A fine overview of current biblical scholarship on the land issue is provided by a U.S. Catholic scholar, Ronald Witherup. We offer it as an appendix in “Christians and a Land Called Holy”. Witherup seeks to distinguish between centuries-old theology and today’s political reality:

“We should acknowledge the perennial value of the Bible’s teachings without asserting that the Bible applies directly to every ethical or political issue in our own time. This approach is both thoroughly Catholic and consistent with many other intepretive traditions, Protestant and Jewish included. In my judgment, the only place to begin with the land question is not with the Bible but with the facts of the present situation in the Holy Land. The situation ‘on the ground’ is what we must now confront.”

One US group trying to do this, in a way that seeks to move our own government leaders toward a just Holy Land outcome, is Churches for Middle East Peace. I’m honored to serve as its volunteer coordinator in Minnesota. A coalition of 22 Catholic, Orthodox and Protestant agencies, CMEP addresses the federal policy agenda on the quest for Israeli/Palestinian peace. What do we advocate? Basically what’s been outlined for decades in the visions of international conferees and by peace parties in both Israel and Palestine:

• Two independent states defined by borders akin to the 1967 Green Line, with some land swaps that are mutually agreed to.
• Jerusalem shared as city in which both peoples live and as capital for both.
• Just compensation to refugees from the 1948-49 conflict.

This represents a 3rd way for US Christian relating to Israel/Palestine: neither silence nor Christian Zionist but active political advocacy for a peace with justice. In MN, it means lobbying with our Congresspersons, providing speakers for local church and other venues, and joining with other groups sharing a Holy Land peace agenda, such as Brit Tzedek v’Shalom, Tikkun’s Network of Spiritual Progressives, and the Coalition for Palestinian Rights.

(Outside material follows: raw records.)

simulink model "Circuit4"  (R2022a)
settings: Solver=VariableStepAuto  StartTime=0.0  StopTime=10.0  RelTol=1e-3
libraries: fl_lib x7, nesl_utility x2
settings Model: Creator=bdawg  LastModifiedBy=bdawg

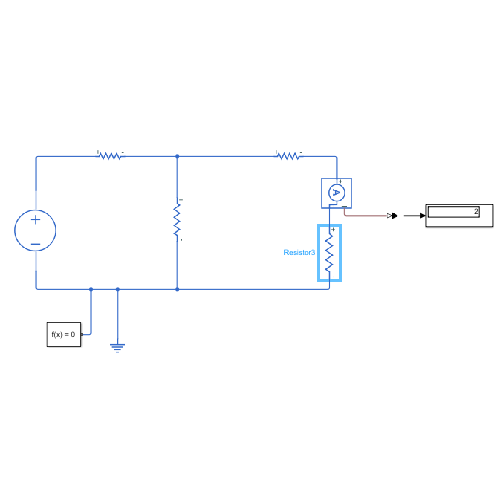
[thumbnail: Simulink's stored preview of the top-level diagram]
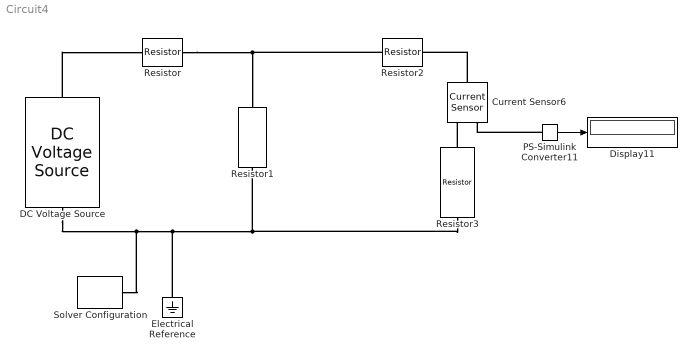
== system Circuit4 ==
  Current Sensor6 : fl_lib/Electrical/Electrical Sensors/Current Sensor
      settings: SourceProductBaseCode=PW,SS,VE
  DC Voltage Source : fl_lib/Electrical/Electrical Sources/DC Voltage Source  v0=60 V
      settings: SourceProductBaseCode=PW,SS,VE
  Display11 : Display
  Electrical Reference : fl_lib/Electrical/Electrical Elements/Electrical Reference
      settings: SourceProductBaseCode=PW,SS,VE
  PS-Simulink Converter11 : nesl_utility/PS-Simulink Converter  PhysicalDomain=network_engine_domain  SubClassName=ps_output  LeftPortType=input  RightPortType=output  PseudoPeriodic=off  Frequencies=[]  VectorFormat=inherit  Unit=inherit  AffineConversion=off
      settings: SourceProductBaseCode=SS,PW,VE
  Resistor : fl_lib/Electrical/Electrical Elements/Resistor  R=10 Ohm  i_specify=off  i_priority=None  i=0 A  i_nominal_specify=off  i_nominal_unit=A  i_nominal_value=1  v_specify=off  v_priority=None  v=0 V  v_nominal_specify=off  v_nominal_unit=V  v_nominal_value=1
      settings: SourceProductBaseCode=PW,SS,VE
  Resistor1 : fl_lib/Electrical/Electrical Elements/Resistor  R=40 Ohm  i_specify=off  i_priority=None  i=0 A  i_nominal_specify=off  i_nominal_unit=A  i_nominal_value=1  v_specify=off  v_priority=None  v=0 V  v_nominal_specify=off  v_nominal_unit=V  v_nominal_value=1
      settings: SourceProductBaseCode=PW,SS,VE
  Resistor2 : fl_lib/Electrical/Electrical Elements/Resistor  R=8 Ohm  i_specify=off  i_priority=None  i=0 A  i_nominal_specify=off  i_nominal_unit=A  i_nominal_value=1  v_specify=off  v_priority=None  v=0 V  v_nominal_specify=off  v_nominal_unit=V  v_nominal_value=1
      settings: SourceProductBaseCode=PW,SS,VE
  Resistor3 : fl_lib/Electrical/Electrical Elements/Resistor  R=8 Ohm  i_specify=off  i_priority=None  i=0 A  i_nominal_specify=off  i_nominal_unit=A  i_nominal_value=1  v_specify=off  v_priority=None  v=0 V  v_nominal_specify=off  v_nominal_unit=V  v_nominal_value=1
      settings: SourceProductBaseCode=PW,SS,VE
  Solver Configuration : nesl_utility/Solver Configuration  PhysicalDomain=network_engine_domain  SubClassName=solver  LeftPortType=input  RightPortType=generic  Tones=[]  Harmonics=[]  SimulateNoise=off  Profile=off  UseLocalSampling=off  EnableSwitchedLinearOptims=on  FrequencyDomain=off  UseCCode=off  RelTol=0.001  AbsTol=0.001  MinStep=1e-09  ToWorkspace=off  RevertToSquareIcSolve=off  NumHomotopyIterations=100  PhasorMode=off  PhasorModeNumHarmonics=1  IndexReductionMethod=DerivativeReplacement  DoDC=off  ResidualTolerance=1e-09  UseLocalSolver=off  LocalSolverChoice=NE_BACKWARD_EULER_ADVANCER  LocalSolverSampleTime=0.001  DoFixedCost=off  MaxNonlinIter=3  MaxModeIter=2  ComputeImpulses=off  ImpulseIterations=2  LinearAlgebra=auto  LinearAlgebraNumThread=0  EquationFormulation=NE_TIME_EF  DelaysMemoryBudget=1024  AutomaticFiltering=on  FilteringTimeConstant=0.001  PartitionStorageMethod=AS_NEEDED  PartitionMemoryBudget=1024  PartitionMethod=ROBUST
      settings: SourceProductBaseCode=SS,PW,VE
  wires:
  PS-Simulink Converter11/1 -> Display11/1
  connections:
  DC Voltage Source/LConn1 -- Resistor/LConn1
  Resistor/RConn1 -- Resistor1/LConn1 -- Resistor2/LConn1
  DC Voltage Source/RConn1 -- Solver Configuration/RConn1 -- Electrical Reference/LConn1 -- Resistor3/RConn1 -- Resistor1/RConn1
  Current Sensor6/LConn1 -- Resistor2/RConn1
  PS-Simulink Converter11/LConn1 -- Current Sensor6/RConn1
  Resistor3/LConn1 -- Current Sensor6/RConn2

What CMEP pursues is based largely on what we hear from fellow Christians in the Holy Land, who believe they have a distinctive vocation from God in the present conflict. They see themselves as a buffer between the majority Jewish population of Israel and the majority Muslim population among Palestinians. They see themselves as hope-bringers to a situation that seems hopeless. They talk about the centrality of forgiveness in their understanding of God’s way with humans and our relationships with one another, noting that there’ll be much to be forgiven as part of any peaceful resolution of the conflict. These indigenous Christians hear God calling them to a vocation that has two goals-to be hope-givers and to be reconcilers.

What are Holy Land Christians saying to us? First, they emphatically say, “We ask that you be neither pro-Palestinian nor pro-Israeli-but pro-justice, pro-peace.” That is echoed in these words from “Jerusalem Declaration on Christian Zionism,” issued by church leaders in August 2006. With their words I will conclude.

“We reject the contemporary alliance of Christian Zionist leaders with elements in the governments of Israel and the United States that are presently imposing their unilateral pre-emptive borders and domination over Palestine. With urgency we warn that Christian Zionism and its alliances are justifying colonization, apartheid, and empire-building.

“We affirm that Israelis and Palestinians are capable of living together within peace, justice, and security.

“The demands of justice will not disappear. The struggle for justice must be pursued diligently and persistently, but nonviolently. As the prophet Micah says, ‘What does the Lord require of you? To act justly, to love mercy, and to walk humbly with your God.’ ”

Chuck Lutz is a coordinator of Churches for Middle East Peace and co-author of Christians and a Land Called Holy: How We Can Foster Justice, Peace, and Hope (Fortress Press, 2006). He gave this talk at an event on Dec 2nd, at the University of St. Thomas, “Healing Wounds and Building Bridges: Interfaith Dialogue on Peace in the Holy Land.”